— ASSIGNMENT —
With the pictures set aside, return the lines below exactly, beginning at the first and ending at the line containing "2.6091122487), (-11.7382812551, 4.343608445))".

(Data excerpts)
• • •
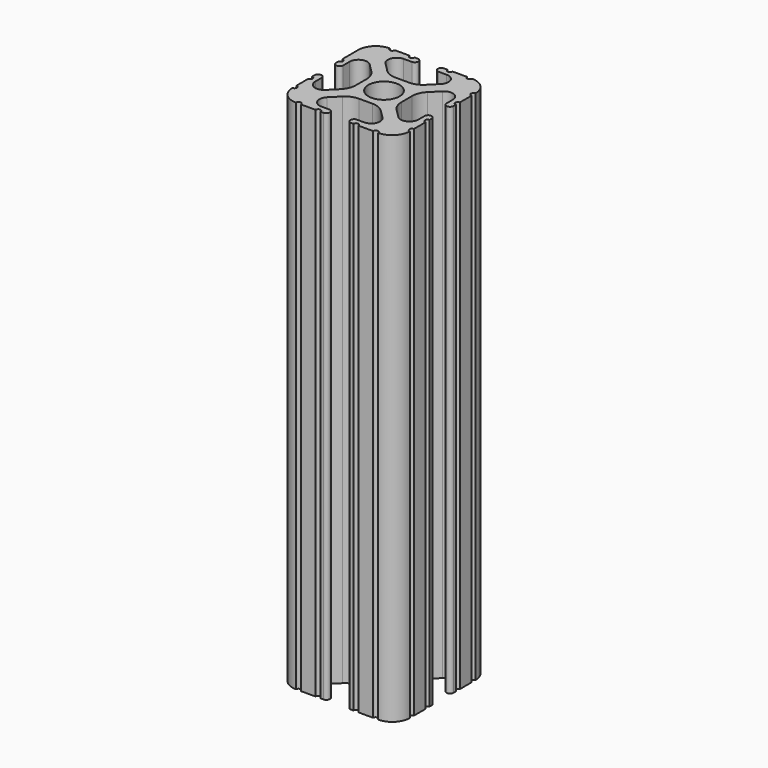
from build123d import *

# Parameters (mm, degrees)
F0_R     = 3.3625011168
F1_DEPTH = 111.76


# Not quite as in the source:
# - ends of sketch curves that miss each other by under 0.0002 mm in the source are joined


with BuildPart() as f1:
    # F0 (on Top) → F1 (new body)
    with BuildSketch(Plane.XY):
        with BuildLine():
            ThreePointArc((3.5659002011, 5.7489795053), (2.3298472421, 4.9230753228), (0.8718233648, 4.6330563417))
            Line((0.8718233648, 4.6330563417), (-2.0428700475, 4.6330563417))
            ThreePointArc((-2.0428700475, 4.6330563417), (-3.5008939248, 4.9230753228), (-4.7369468838, 5.7489795053))
            Line((-4.7369468838, 5.7489795053), (-6.5824285393, 7.5944611609))
            ThreePointArc((-6.5824285393, 7.5944611609), (-6.9953806306, 9.6705115177), (-5.2353901211, 10.846499579))
            Line((-5.2353901211, 10.846499579), (-3.5008939248, 10.846499579))
            Line((-3.5008939248, 10.846499579), (-3.4685428807, 10.846499579))
            ThreePointArc((-3.4685428807, 10.846499579), (-2.7109282724, 11.6201206221), (-3.4685428807, 12.3937416652))
            Line((-3.4685428807, 12.3937416652), (-3.5008939248, 12.3937416652))
            Line((-3.5008939248, 12.3937416652), (-4.1388643307, 12.3937416652))
            ThreePointArc((-4.1388643307, 12.3937416652), (-4.6871272259, 11.8525139305), (-5.2353901211, 12.3937416652))
            Line((-5.2353901211, 12.3937416652), (-8.3730050695, 12.3937416652))
            ThreePointArc((-8.3730050695, 12.3937416652), (-8.9242642054, 11.8424825293), (-9.4755233413, 12.3937416652))
            ThreePointArc((-9.4755233413, 12.3937416652), (-12.1696001777, 11.2778185015), (-13.2855233413, 8.5837416652))
            Line((-13.2855233413, 8.5837416652), (-13.2855233413, 7.4984658996))
            Line((-13.2855233413, 7.4984658996), (-13.2855233413, 4.343608445))
            ThreePointArc((-13.2855233413, 4.343608445), (-12.7296839168, 3.7964165708), (-13.2855233413, 3.2492246965))
            Line((-13.2855233413, 3.2492246965), (-13.2855233413, 2.6091122487))
            ThreePointArc((-13.2855233413, 2.6091122487), (-12.5119022982, 1.8532957784), (-11.7382812551, 2.6091122487))
            Line((-11.7382812551, 2.6091122487), (-11.7382812551, 4.343608445))
            ThreePointArc((-11.7382812551, 4.343608445), (-10.5622931938, 6.1035989545), (-8.486242837, 5.6906468632))
            Line((-8.486242837, 5.6906468632), (-6.6407611815, 3.8451652077))
            ThreePointArc((-6.6407611815, 3.8451652077), (-5.8148569989, 2.6091122487), (-5.5248380178, 1.1510883714))
            Line((-5.5248380178, 1.1510883714), (-5.5248380178, -1.7636050409))
            ThreePointArc((-5.5248380178, -1.7636050409), (-5.8148569989, -3.2216289182), (-6.6407611815, -4.4576818772))
            Line((-6.6407611815, -4.4576818772), (-8.486242837, -6.3031635328))
            ThreePointArc((-8.486242837, -6.3031635328), (-10.5622931938, -6.716115624), (-11.7382812551, -4.9561251146))
            Line((-11.7382812551, -4.9561251146), (-11.7382812551, -3.2216289182))
            ThreePointArc((-11.7382812551, -3.2216289182), (-12.5119022982, -2.4480078751), (-13.2855233413, -3.2216289182))
            Line((-13.2855233413, -3.2216289182), (-13.2855233413, -3.8570189362))
            Line((-13.2855233413, -3.8570189362), (-13.2855233413, -3.8595993241))
            ThreePointArc((-13.2855233413, -3.8595993241), (-12.7442956066, -4.4078622194), (-13.2855233413, -4.9561251146))
            Line((-13.2855233413, -4.9561251146), (-13.2855233413, -8.093740063))
            ThreePointArc((-13.2855233413, -8.093740063), (-12.9963771793, -8.175658031), (-12.7931661592, -8.3970656592))
            ThreePointArc((-12.7931661592, -8.3970656592), (-12.8130701183, -8.9360625991), (-13.2855233413, -9.1962583348))
            ThreePointArc((-13.2855233413, -9.1962583348), (-12.1696001777, -11.8903351711), (-9.4755233413, -13.0062583348))
            ThreePointArc((-9.4755233413, -13.0062583348), (-8.9263401234, -12.4513735034), (-8.3771569056, -13.0062583348))
            Line((-8.3771569056, -13.0062583348), (-5.2353901211, -13.0062583348))
            ThreePointArc((-5.2353901211, -13.0062583348), (-4.6881982469, -12.4504189103), (-4.1410063726, -13.0062583348))
            Line((-4.1410063726, -13.0062583348), (-3.5008939248, -13.0062583348))
            ThreePointArc((-3.5008939248, -13.0062583348), (-2.7450774545, -12.2326372917), (-3.5008939248, -11.4590162486))
            Line((-3.5008939248, -11.4590162486), (-5.2353901211, -11.4590162486))
            ThreePointArc((-5.2353901211, -11.4590162486), (-6.9953806306, -10.2830281872), (-6.5824285393, -8.2069778304))
            ThreePointArc((-6.5824285393, -8.2069778304), (-6.5813491493, -8.2058993046), (-6.5802706255, -8.2048199166))
            Line((-6.5802706255, -8.2048199166), (-4.7369468838, -6.3614961749))
            ThreePointArc((-4.7369468838, -6.3614961749), (-3.5008939248, -5.5355919924), (-2.0428700475, -5.2455730112))
            Line((-2.0428700475, -5.2455730112), (0.8718233648, -5.2455730112))
            ThreePointArc((0.8718233648, -5.2455730112), (2.3298472421, -5.5355919924), (3.5659002011, -6.3614961749))
            Line((3.5659002011, -6.3614961749), (5.4092239428, -8.2048199166))
            ThreePointArc((5.4092239428, -8.2048199166), (5.8221760341, -10.2808702734), (4.0621855247, -11.4568583348))
            Line((4.0621855247, -11.4568583348), (2.3298472421, -11.4568583348))
            ThreePointArc((2.3298472421, -11.4568583348), (1.7126411358, -12.2315583348), (2.3298472421, -13.0062583348))
            Line((2.3298472421, -13.0062583348), (2.9616088274, -13.0062583348))
            ThreePointArc((2.9616088274, -13.0062583348), (3.511897176, -12.460996221), (4.0621855247, -13.0062583348))
            Line((4.0621855247, -13.0062583348), (7.2156104858, -13.0062583348))
            ThreePointArc((7.2156104858, -13.0062583348), (7.7600435722, -12.4618252483), (8.3044766587, -13.0062583348))
            ThreePointArc((8.3044766587, -13.0062583348), (10.998553495, -11.8903351711), (12.1144766587, -9.1962583348))
            ThreePointArc((12.1144766587, -9.1962583348), (11.5750962663, -8.6501583348), (12.1144766587, -8.1040583348))
            Line((12.1144766587, -8.1040583348), (12.1144766587, -4.9539672008))
            ThreePointArc((12.1144766587, -4.9539672008), (11.570959409, -4.4045980675), (12.1144766587, -3.8552289343))
            Line((12.1144766587, -3.8552289343), (12.1144766587, -3.2216289182))
            ThreePointArc((12.1144766587, -3.2216289182), (11.3397766587, -2.5015675684), (10.5650766587, -3.2216289182))
            Line((10.5650766587, -3.2216289182), (10.5650766587, -4.9539672008))
            ThreePointArc((10.5650766587, -4.9539672008), (9.3890885973, -6.7139577102), (7.3130382405, -6.301005619))
            Line((7.3130382405, -6.301005619), (5.4697144988, -4.4576818772))
            ThreePointArc((5.4697144988, -4.4576818772), (4.6438103163, -3.2216289182), (4.3537913351, -1.7636050409))
            Line((4.3537913351, -1.7636050409), (4.3537913351, 1.1510883714))
            ThreePointArc((4.3537913351, 1.1510883714), (4.6438103163, 2.6091122487), (5.4697144988, 3.8451652077))
            Line((5.4697144988, 3.8451652077), (7.3130382405, 5.6884889494))
            ThreePointArc((7.3130382405, 5.6884889494), (9.3890885973, 6.1014410407), (10.5650766587, 4.3414505312))
            Line((10.5650766587, 4.3414505312), (10.5650766587, 2.6091122487))
            ThreePointArc((10.5650766587, 2.6091122487), (11.3397766587, 1.8731471479), (12.1144766587, 2.6091122487))
            Line((12.1144766587, 2.6091122487), (12.1144766587, 3.2492505312))
            ThreePointArc((12.1144766587, 3.2492505312), (11.5683766587, 3.7953505312), (12.1144766587, 4.3414505312))
            Line((12.1144766587, 4.3414505312), (12.1144766587, 7.4889068047))
            ThreePointArc((12.1144766587, 7.4889068047), (11.563421032, 8.0363242349), (12.1144766587, 8.5837416652))
            ThreePointArc((12.1144766587, 8.5837416652), (10.998553495, 11.2778185015), (8.3044766587, 12.3937416652))
            ThreePointArc((8.3044766587, 12.3937416652), (7.7491737928, 11.89736095), (7.1938709268, 12.3937416652))
            Line((7.1938709268, 12.3937416652), (4.0643434385, 12.3937416652))
            ThreePointArc((4.0643434385, 12.3937416652), (3.5181119113, 11.8531747523), (2.9718803841, 12.3937416652))
            Line((2.9718803841, 12.3937416652), (2.3298472421, 12.3937416652))
            Line((2.3298472421, 12.3937416652), (2.2582739116, 12.3937416652))
            ThreePointArc((2.2582739116, 12.3937416652), (1.5196122547, 11.6201206221), (2.2582739116, 10.846499579))
            Line((2.2582739116, 10.846499579), (2.3298472421, 10.846499579))
            Line((2.3298472421, 10.846499579), (4.0643434385, 10.846499579))
            ThreePointArc((4.0643434385, 10.846499579), (5.8243339479, 9.6705115177), (5.4113818566, 7.5944611609))
            Line((5.4113818566, 7.5944611609), (3.5659002011, 5.7489795053))
        make_face()
        with Locations((-0.5855233413, -0.3062583348)):
            Circle(F0_R, mode=Mode.SUBTRACT)
    extrude(amount=F1_DEPTH)


solid = f1.part
• • •
— ANSWER SECTION —
from build123d import *

# Parameters (mm, degrees)
F0_R     = 3.3625011168
F1_DEPTH = 111.76


# Not quite as in the source:
# - ends of sketch curves that miss each other by under 0.0002 mm in the source are joined


with BuildPart() as f1:
    # F0 (on Top) → F1 (new body)
    with BuildSketch(Plane.XY):
        with BuildLine():
            ThreePointArc((3.5659002011, 5.7489795053), (2.3298472421, 4.9230753228), (0.8718233648, 4.6330563417))
            Line((0.8718233648, 4.6330563417), (-2.0428700475, 4.6330563417))
            ThreePointArc((-2.0428700475, 4.6330563417), (-3.5008939248, 4.9230753228), (-4.7369468838, 5.7489795053))
            Line((-4.7369468838, 5.7489795053), (-6.5824285393, 7.5944611609))
            ThreePointArc((-6.5824285393, 7.5944611609), (-6.9953806306, 9.6705115177), (-5.2353901211, 10.846499579))
            Line((-5.2353901211, 10.846499579), (-3.5008939248, 10.846499579))
            Line((-3.5008939248, 10.846499579), (-3.4685428807, 10.846499579))
            ThreePointArc((-3.4685428807, 10.846499579), (-2.7109282724, 11.6201206221), (-3.4685428807, 12.3937416652))
            Line((-3.4685428807, 12.3937416652), (-3.5008939248, 12.3937416652))
            Line((-3.5008939248, 12.3937416652), (-4.1388643307, 12.3937416652))
            ThreePointArc((-4.1388643307, 12.3937416652), (-4.6871272259, 11.8525139305), (-5.2353901211, 12.3937416652))
            Line((-5.2353901211, 12.3937416652), (-8.3730050695, 12.3937416652))
            ThreePointArc((-8.3730050695, 12.3937416652), (-8.9242642054, 11.8424825293), (-9.4755233413, 12.3937416652))
            ThreePointArc((-9.4755233413, 12.3937416652), (-12.1696001777, 11.2778185015), (-13.2855233413, 8.5837416652))
            Line((-13.2855233413, 8.5837416652), (-13.2855233413, 7.4984658996))
            Line((-13.2855233413, 7.4984658996), (-13.2855233413, 4.343608445))
            ThreePointArc((-13.2855233413, 4.343608445), (-12.7296839168, 3.7964165708), (-13.2855233413, 3.2492246965))
            Line((-13.2855233413, 3.2492246965), (-13.2855233413, 2.6091122487))
            ThreePointArc((-13.2855233413, 2.6091122487), (-12.5119022982, 1.8532957784), (-11.7382812551, 2.6091122487))
            Line((-11.7382812551, 2.6091122487), (-11.7382812551, 4.343608445))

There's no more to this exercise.